# Trek 2200 size



## Viva Mexico! (Nov 22, 2005)

I am 5`10" and plan on buying a Trek 2200 bike.
Unfortunately i cannot test ride the bike cause my LBS is pretty small.
Right now im riding a very old 2300 Trek.
I want it to be my training and racing bike, with a racing specific wheelset that is.
Should i be choosing a 54 or a 56?
Thanks!


----------



## The The (Sep 9, 2002)

Viva Mexico! said:


> I am 5`10" and plan on buying a Trek 2200 bike.
> Unfortunately i cannot test ride the bike cause my LBS is pretty small.
> Right now im riding a very old 2300 Trek.
> I want it to be my training and racing bike, with a racing specific wheelset that is.
> ...


With you being 5'10" I would definitely think the 54cm 2200 with a 54.4cm top tube would be too small.

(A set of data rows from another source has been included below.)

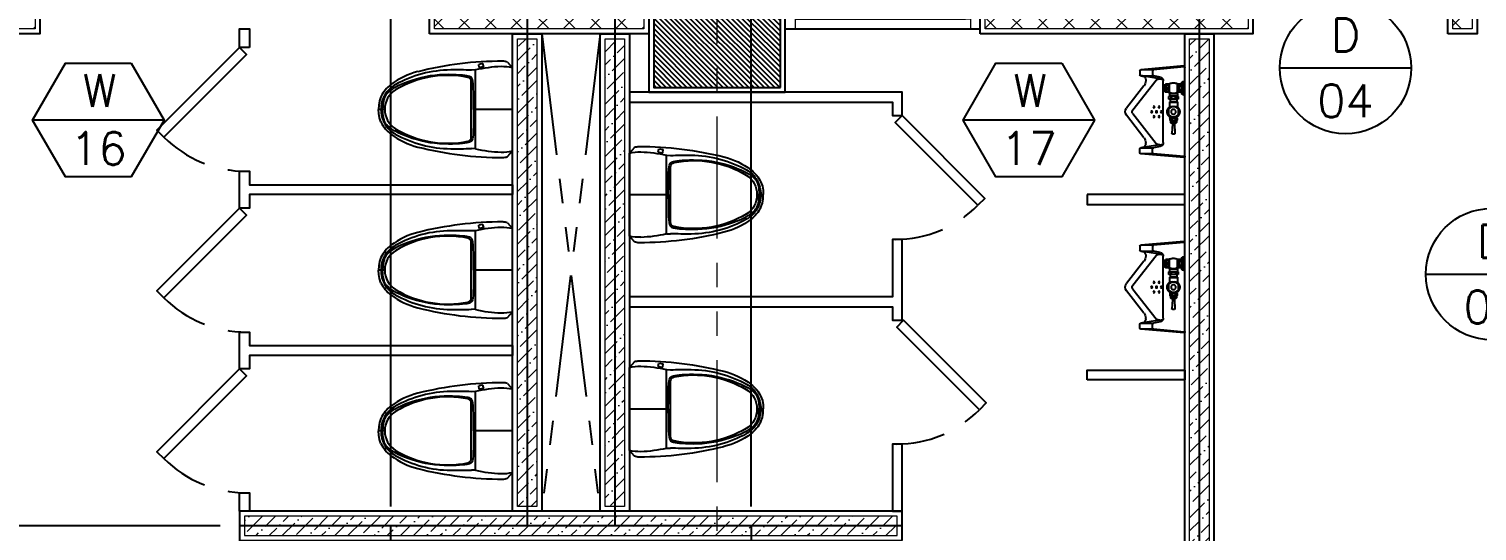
# Model space of a CAD drawing. Header units: metres. Extents: x -12400 to 1, y 0 to 106422.
# Drawn here: x -12042.44 to -12035.01, y 106403.72 to 106406.3 of the extents above; entities that cross this region are included whole.
import ezdxf
from ezdxf.enums import TextEntityAlignment as Align

# ---------------------------------------------------------------- set-up
doc = ezdxf.new("R2010")
doc.units = ezdxf.units.M
doc.header["$PDMODE"] = 35
for name, pattern in [('DASHED2', [0.375, 0.25, -0.125]), ('HIDDEN2', [4.7625, 3.175, -1.5875]), ('PHANTOM2', [1.25, 0.625, -0.125, 0.125, -0.125, 0.125, -0.125])]:
    doc.linetypes.add(name, pattern=pattern)
for name, color, linetype, lineweight in [('.3', 6, 'Continuous', 30), ('0.1', 1, 'Continuous', 9), ('0.20', 2, 'Continuous', 20), ('A-DIM-100', 8, 'Continuous', 0), ('DIM 001', 251, 'Continuous', 13), ('HATCH', 250, 'Continuous', 5)]:
    doc.layers.add(name, color=color, linetype=linetype, lineweight=lineweight)
for name, color, linetype in [('FIXTURE', 35, 'Continuous'), ('FURNITURE', 1, 'Continuous'), ('P-FIXT', 8, 'Continuous'), ('P-FIXT-MISC', 84, 'Continuous'), ('P-HIDE', 1, 'HIDDEN2'), ('SCH-DOOR', 23, 'Continuous'), ('SCH-WIND', 181, 'Continuous'), ('stone', 15, 'Continuous'), ('WALL', 7, 'Continuous'), ('WINDOW', 1, 'Continuous')]:
    doc.layers.add(name, color=color, linetype=linetype)
doc.layers.add('GUIDELINES', color=206, linetype='Continuous', plot=False)
doc.styles.add('DIMTXT-100', font='arial.ttf')
doc.styles.add('swis721', font='swiss.ttf')
doc.styles.add('T-0.15', font='romans.shx', dxfattribs={"height": 0.15})
doc.dimstyles.new('D-100', dxfattribs={"dimtxt": 0.2, "dimasz": 0.15, "dimexe": 0.1, "dimexo": 0.1, "dimgap": 0.1, "dimtad": 1, "dimdec": 3, "dimzin": 4, "dimdsep": 46, "dimtxsty": 'DIMTXT-100', "dimblk": 'ARCHTICK', "dimcen": 0.2, "dimdle": 0.1, "dimclrd": 8, "dimclre": 8, "dimclrt": 2, "dimadec": 0, "dimazin": 1, "dimtfac": 1, "dimtdec": 3, "dimtofl": 0, "dimtmove": 2, "dimatfit": 3, "dimfxl": 1, "dimarcsym": 0})
doc.dimstyles.new('DIM 200', dxfattribs={"dimtxt": 200, "dimasz": 1, "dimexe": 0, "dimexo": 40, "dimgap": 50, "dimtad": 1, "dimtoh": 1, "dimdec": 0, "dimlfac": 2, "dimtxsty": 'swis721', "dimblk": 'CIR', "dimcen": 0, "dimclrd": 155, "dimclre": 155, "dimclrt": 4, "dimadec": 0, "dimazin": 0, "dimtfac": 1, "dimtdec": 0, "dimtix": 1, "dimtmove": 1, "dimatfit": 3, "dimldrblk": 'CIR', "dimfxl": 0, "dimarcsym": 0})

# ---------------------------------------------------------------- blocks, each defined once
blk = doc.blocks.new('CIR')
at = {"color": 4}
blk.add_circle((0, 0), 50, dxfattribs=at)
blk = doc.blocks.new('D-TAG')
at = {"layer": 'SCH-DOOR'}
blk.add_line((-0.3, 0), (0.3, 0), dxfattribs=at)
blk.add_circle((0, 0), 0.3, dxfattribs=at)
at = {"layer": 'SCH-DOOR', "color": 2, "style": 'T-0.15'}
for tag, p in [('D-TAG', (0, 0.15)), ('D-NO', (0, -0.15))]:
    blk.add_attdef(tag, text='', height=0.15, dxfattribs=at).set_placement(p, align=Align.MIDDLE_CENTER)
blk = doc.blocks.new('A$C1B753C5A')
at = {"layer": 'WALL'}
h = blk.add_hatch(dxfattribs=at)
h.set_pattern_fill('ANSI31', color=250, scale=0.15)
h.set_pattern_definition([(45, (-1494.388103, 303.067724), (-0.01325825215, 0.01325825215), [])])
h.paths.add_polyline_path([(0.475, 0.675), (0.025, 0.675), (0.025, 0.025), (0.475, 0.025)])
at = {"color": 7}
blk.add_lwpolyline([(0, 0), (0.5, 0), (0.5, 0.7), (0, 0.7)], close=True, dxfattribs=at)
at = {"layer": 'stone', "color": 5}
blk.add_lwpolyline([(0.025, 0.025), (0.475, 0.025), (0.475, 0.675), (0.025, 0.675)], close=True, dxfattribs=at)
blk = doc.blocks.new('COLUMNS2F')
at = {"rotation": 90}
blk.add_blockref('A$C1B753C5A', (-12149.6044, 106343.15), dxfattribs=at)
blk = doc.blocks.new('WC1')
for p, q in [((-162577, -159699.2), (-162547.9, -159673.6)), ((-162121, -159673.6), (-162547.9, -159673.6)), ((-162334.4, -159673.6), (-162334.4, -159864)), ((-162091.9, -159699.2), (-162121, -159673.6)), ((-162552.5, -159820.8), (-162569.2, -159824.9)), ((-162569.2, -159824.9), (-162565.4, -159846.5)), ((-162548.4, -159844.7), (-162565.4, -159846.5)), ((-162552.6, -159820.8), (-162548.4, -159844.7)), ((-162536.4, -159864), (-162535.4, -159884.4)), ((-162132.5, -159864), (-162536.4, -159864)), ((-162192.9, -159884.9), (-162476, -159884.9)), ((-162132.5, -159864), (-162133.5, -159884.4)), ((-162334.6, -160328.4), (-162334.2, -160328.4)), ((-162334.4, -160328.4), (-162334.4, -160360.6))]:
    blk.add_line(p, q)
for points in [[(-162334.4, -159873.3), (-162381.6, -159873.5), (-162418.1, -159874), (-162445.3, -159874.9), (-162464.7, -159876), (-162477.8, -159877.3), (-162486.1, -159878.9), (-162491.2, -159880.6), (-162494.4, -159882.5), (-162494.4, -159882.5), (-162497, -159884.6), (-162499.4, -159887.2), (-162501.5, -159890.5), (-162503.4, -159894.9), (-162505.1, -159900.8), (-162506.6, -159908.5), (-162508, -159918.2), (-162509.3, -159930.3), (-162509.3, -159930.3), (-162510.5, -159945.1), (-162511.6, -159962.2), (-162512.3, -159981.4), (-162512.5, -160002.3), (-162512, -160024.5), (-162510.9, -160047.6), (-162508.8, -160071.4), (-162505.6, -160095.4), (-162505.6, -160095.4), (-162501.3, -160119.3), (-162496, -160142.9), (-162489.9, -160165.7), (-162483.3, -160187.7), (-162476.3, -160208.3), (-162469.1, -160227.5), (-162461.9, -160244.8), (-162455, -160260), (-162455, -160260), (-162448.5, -160272.9), (-162442.5, -160283.7), (-162436.9, -160292.6), (-162431.8, -160299.8), (-162427.1, -160305.6), (-162422.9, -160310.2), (-162419.1, -160313.8), (-162415.9, -160316.8), (-162415.9, -160316.8), (-162413, -160319.2), (-162410.5, -160321.3), (-162408.3, -160323.1), (-162406.1, -160324.6), (-162403.9, -160326), (-162401.5, -160327.2), (-162398.9, -160328.5), (-162395.9, -160329.8), (-162395.9, -160329.8), (-162392.3, -160331.3), (-162388, -160332.8), (-162382.8, -160334.3), (-162376.3, -160335.8), (-162368.5, -160337.2), (-162359.1, -160338.4), (-162347.8, -160339.3), (-162334.4, -160340)], [(-162334.4, -159873.3), (-162287.2, -159873.5), (-162250.8, -159874), (-162223.6, -159874.9), (-162204.2, -159876), (-162191.1, -159877.3), (-162182.7, -159878.9), (-162177.7, -159880.6), (-162174.5, -159882.5), (-162174.5, -159882.5), (-162171.8, -159884.6), (-162169.5, -159887.2), (-162167.4, -159890.5), (-162165.5, -159894.9), (-162163.8, -159900.8), (-162162.3, -159908.5), (-162160.9, -159918.2), (-162159.6, -159930.3), (-162159.6, -159930.3), (-162158.3, -159945.1), (-162157.3, -159962.2), (-162156.6, -159981.4), (-162156.4, -160002.3), (-162156.8, -160024.5), (-162158, -160047.6), (-162160.1, -160071.4), (-162163.3, -160095.4), (-162163.3, -160095.4), (-162167.6, -160119.3), (-162172.9, -160142.9), (-162178.9, -160165.7), (-162185.6, -160187.7), (-162192.6, -160208.3), (-162199.8, -160227.5), (-162207, -160244.8), (-162213.9, -160260), (-162213.9, -160260), (-162220.4, -160272.9), (-162226.4, -160283.7), (-162232, -160292.6), (-162237.1, -160299.8), (-162241.8, -160305.6), (-162246, -160310.2), (-162249.7, -160313.8), (-162253, -160316.8), (-162253, -160316.8), (-162255.8, -160319.2), (-162258.3, -160321.3), (-162260.6, -160323.1), (-162262.8, -160324.6), (-162265, -160326), (-162267.4, -160327.2), (-162270, -160328.5), (-162273, -160329.8), (-162273, -160329.8), (-162276.6, -160331.3), (-162280.9, -160332.8), (-162286.1, -160334.3), (-162292.5, -160335.8), (-162300.4, -160337.2), (-162309.8, -160338.4), (-162321.1, -160339.3), (-162334.4, -160340)], [(-162398.9, -160348.3), (-162378.2, -160355.9), (-162356.5, -160359.9), (-162334.4, -160360.6)], [(-162270, -160348.3), (-162290.7, -160355.9), (-162312.4, -160359.9), (-162334.4, -160360.6)]]:
    blk.add_lwpolyline(points)
for centre, radius, start, end in [((-162253.9, -159732.2), 299.8, 168.74135, 180), ((-162415, -159732.2), 299.8, 0, 11.25865), ((-162514.7, -159723.6), 66.9, 158.57593, 180), ((-160793.1, -159723.6), 1788.5, 180, 194.09167), ((-161879.5, -159710.7), 674.5, 181.82054, 193.13571), ((-163875.7, -159723.6), 1788.5, 345.90833, 0), ((-162789.3, -159710.7), 674.5, 346.86429, 358.17946), ((-162154.1, -159723.6), 66.9, 0, 21.42407), ((-160244.7, -159964.6), 2292.1, 177.9943, 180.64061), ((-161993, -160006), 515.9, 168.52614, 211.21855), ((-162476, -159908), 23.1, 90, 168.52614), ((-162675.9, -160006), 515.9, 328.78145, 11.47386), ((-162192.9, -159908), 23.1, 11.47386, 90), ((-164424.2, -159964.6), 2292.1, 359.35939, 2.0057), ((-161937.6, -159983.6), 599, 180.64061, 209.11624), ((-162731.2, -159983.6), 599, 330.88376, 359.35939), ((-162152.4, -160064.8), 387.1, 194.09167, 216.8704), ((-162516.5, -160064.8), 387.1, 323.1296, 345.90833), ((-162337.8, -160206.5), 141, 209.11624, 239.54408), ((-162336.5, -160214.2), 114.3, 211.21855, 270.92859), ((-162332.4, -160214.2), 114.3, 269.07141, 328.78145), ((-162331, -160206.5), 141, 300.45592, 330.88376), ((-162328.1, -160196.6), 167.4, 216.8704, 244.98647), ((-162333.4, -160199), 149.6, 239.54408, 269.62018), ((-162335.4, -160199), 149.6, 270.37982, 300.45592), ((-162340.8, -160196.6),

For the sake of comparison, I am am 5'7.5" and I ride a 54cm frame with a 54.5cm top tube, measured the same way as a Trek. The 56cm should probably be your starting point. Your LBS should measure your proportions just to be certain. If you can't do this, check out a website like www.wrenchscience.com and use their fit calculator to find out what sort of setup they suggest. Get a friend to make some accurate measurements of your body if you use this tool.


----------